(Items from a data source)
┌──

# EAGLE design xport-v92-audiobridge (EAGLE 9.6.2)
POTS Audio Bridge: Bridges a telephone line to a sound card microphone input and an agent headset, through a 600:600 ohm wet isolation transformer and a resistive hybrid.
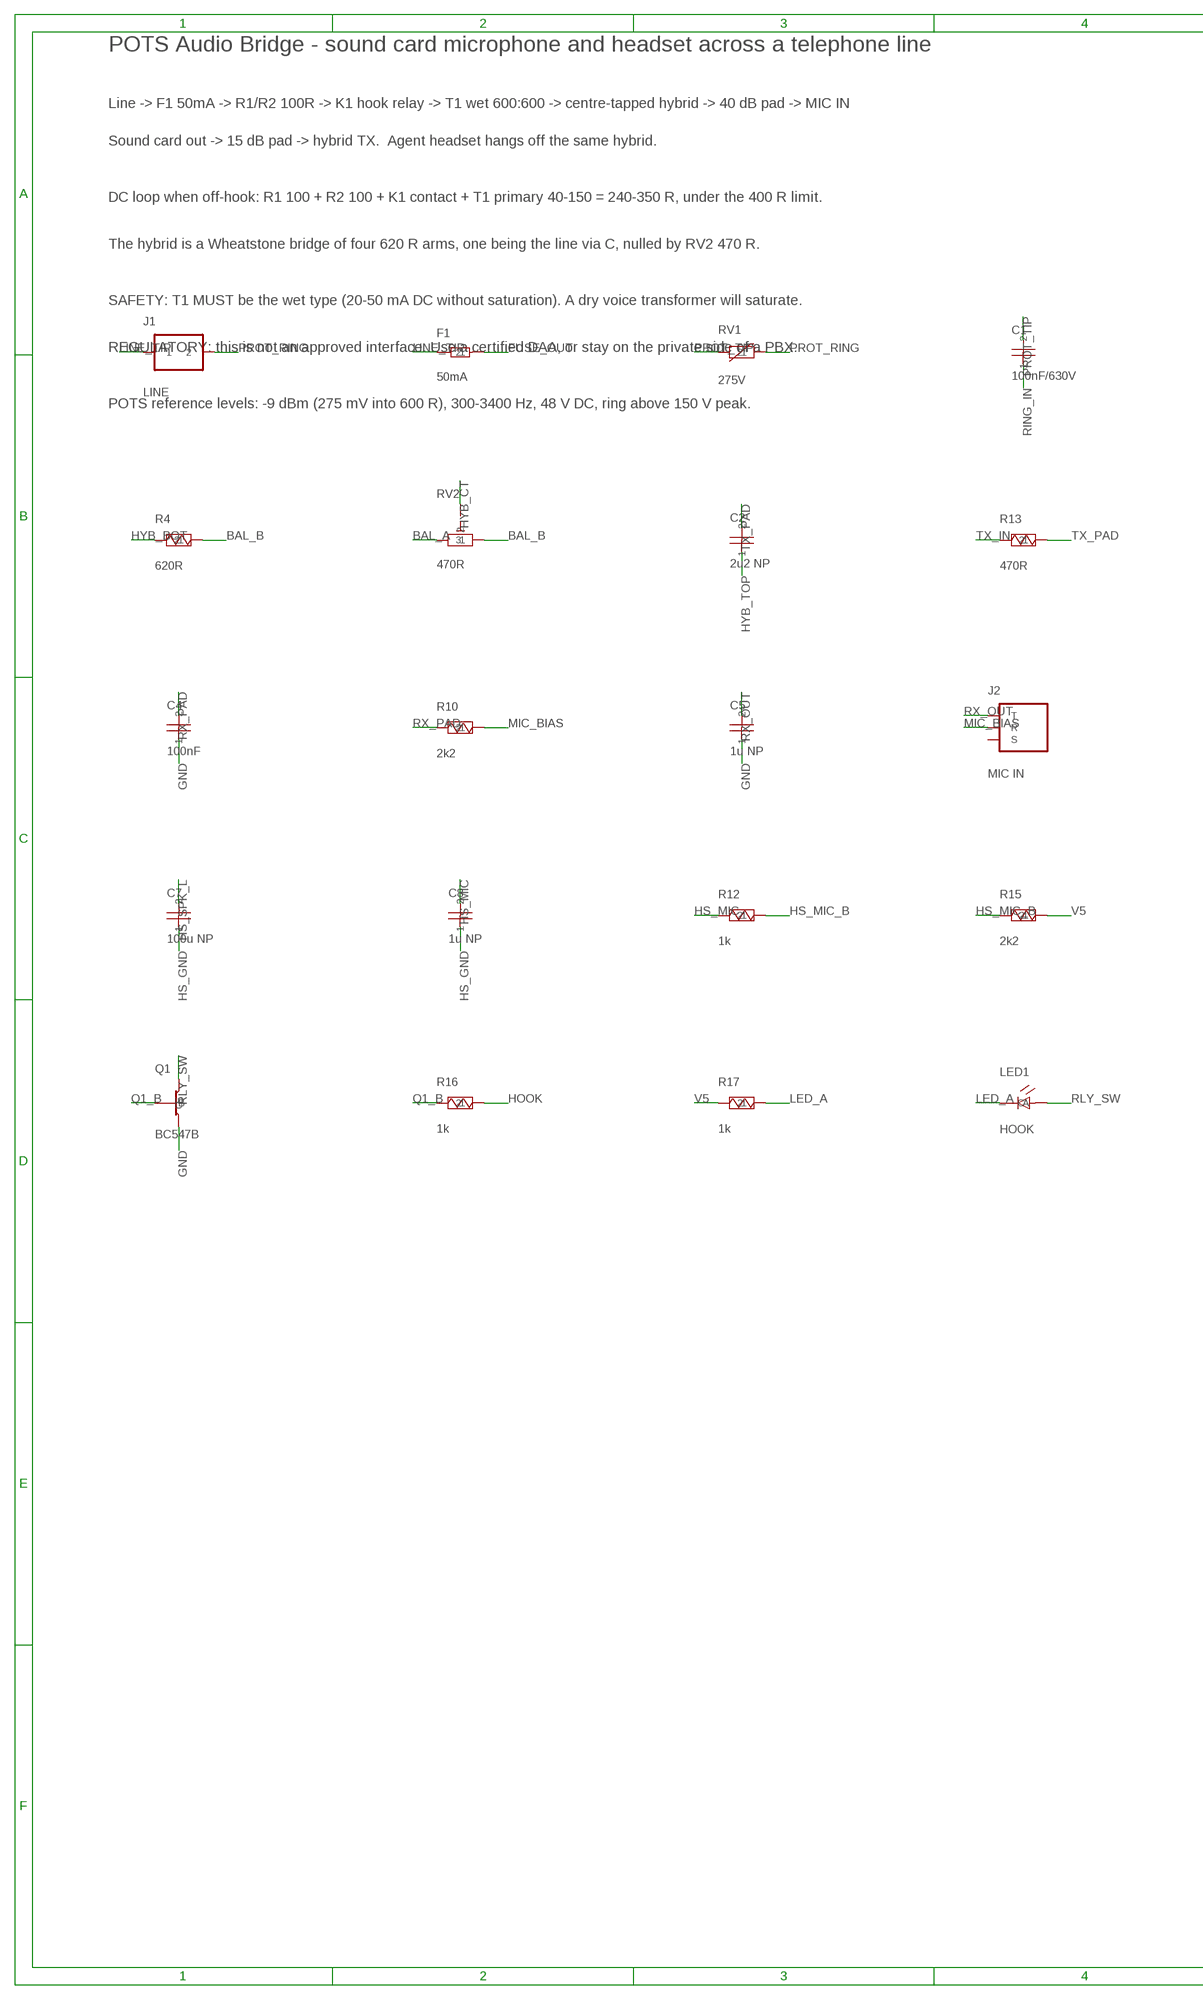
[diagram p0: schematic, sheet 1, part 1 of 2]
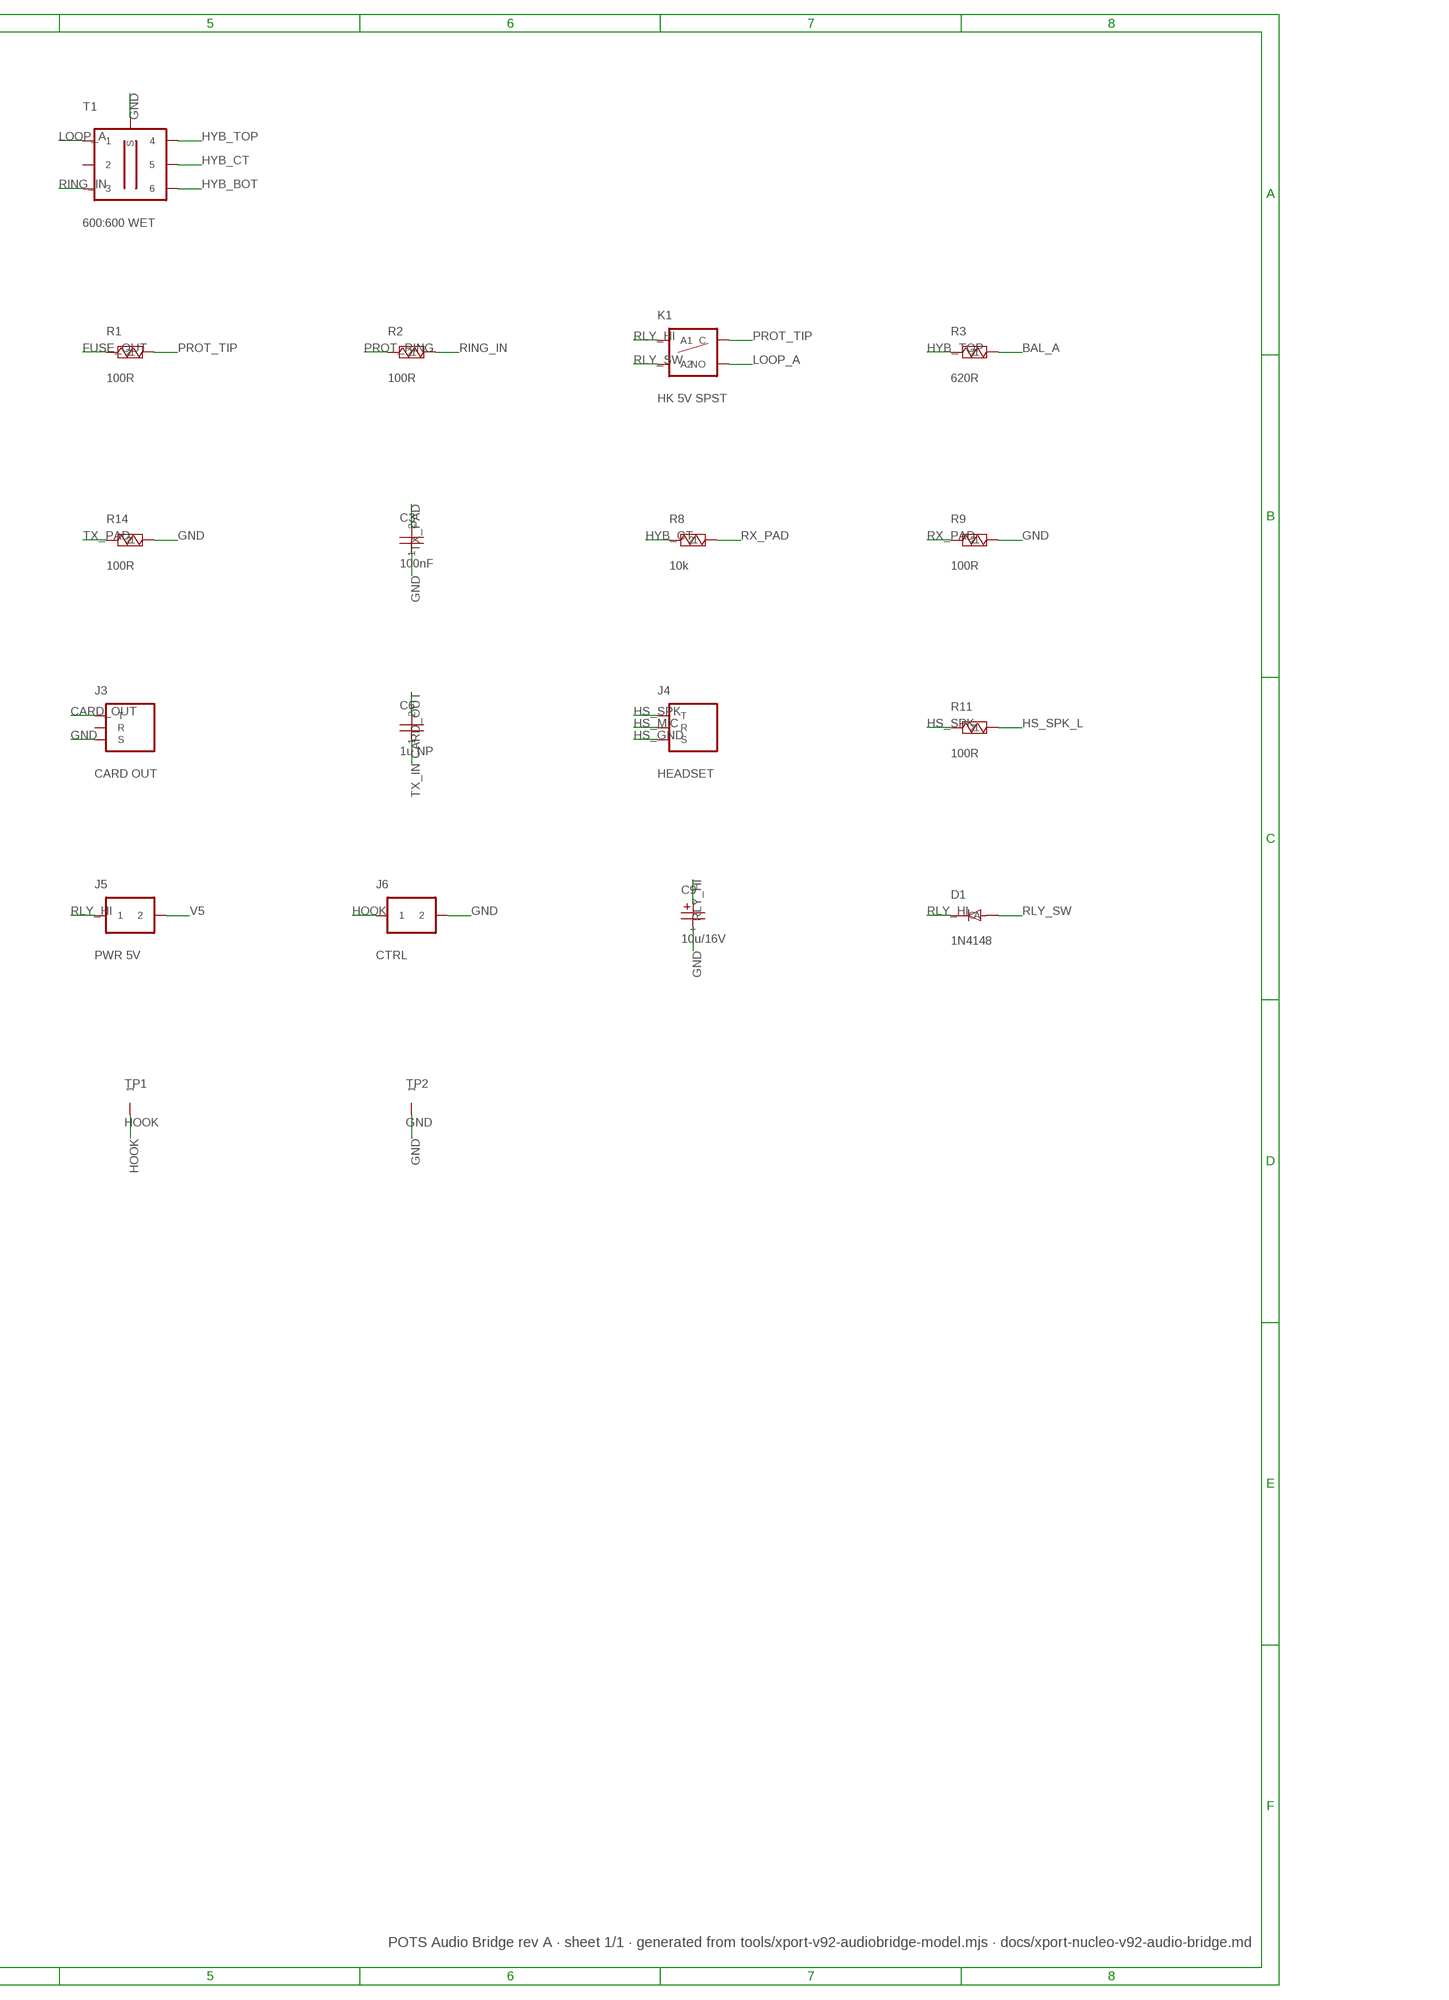
[diagram p1: schematic, sheet 1, part 2 of 2]

## Parts
C1  100nF/630V  C-EU  [C-5.08]
C2  2u2 NP  C-EU  [C-5.08]
C3  100nF  C-EU  [C-5.08]
C4  100nF  C-EU  [C-5.08]
C5  1u NP  C-EU  [C-5.08]
C6  1u NP  C-EU  [C-5.08]
C7  100u NP  C-EU  [C-5.08]
C8  1u NP  C-EU  [C-5.08]
C9  10u/16V  CPOL-EU  [CP-D8-P3.5]
D1  1N4148  DIODE-SCH  [DO41]
F1  50mA  FUSE  [R-7.62]
J1  LINE  TERM-2  [TERM2-5.08]
J2  MIC IN  JACK-TRS  [JACK-3P5]
J3  CARD OUT  JACK-TRS  [JACK-3P5]
J4  HEADSET  JACK-TRS  [JACK-3P5]
J5  PWR 5V  TERM-2  [TERM2-5.08]
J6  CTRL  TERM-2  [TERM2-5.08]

└──

WORK ORDER — Reply with only the number of lines in the entries that hold the word "TERM".

SOLUTION — 3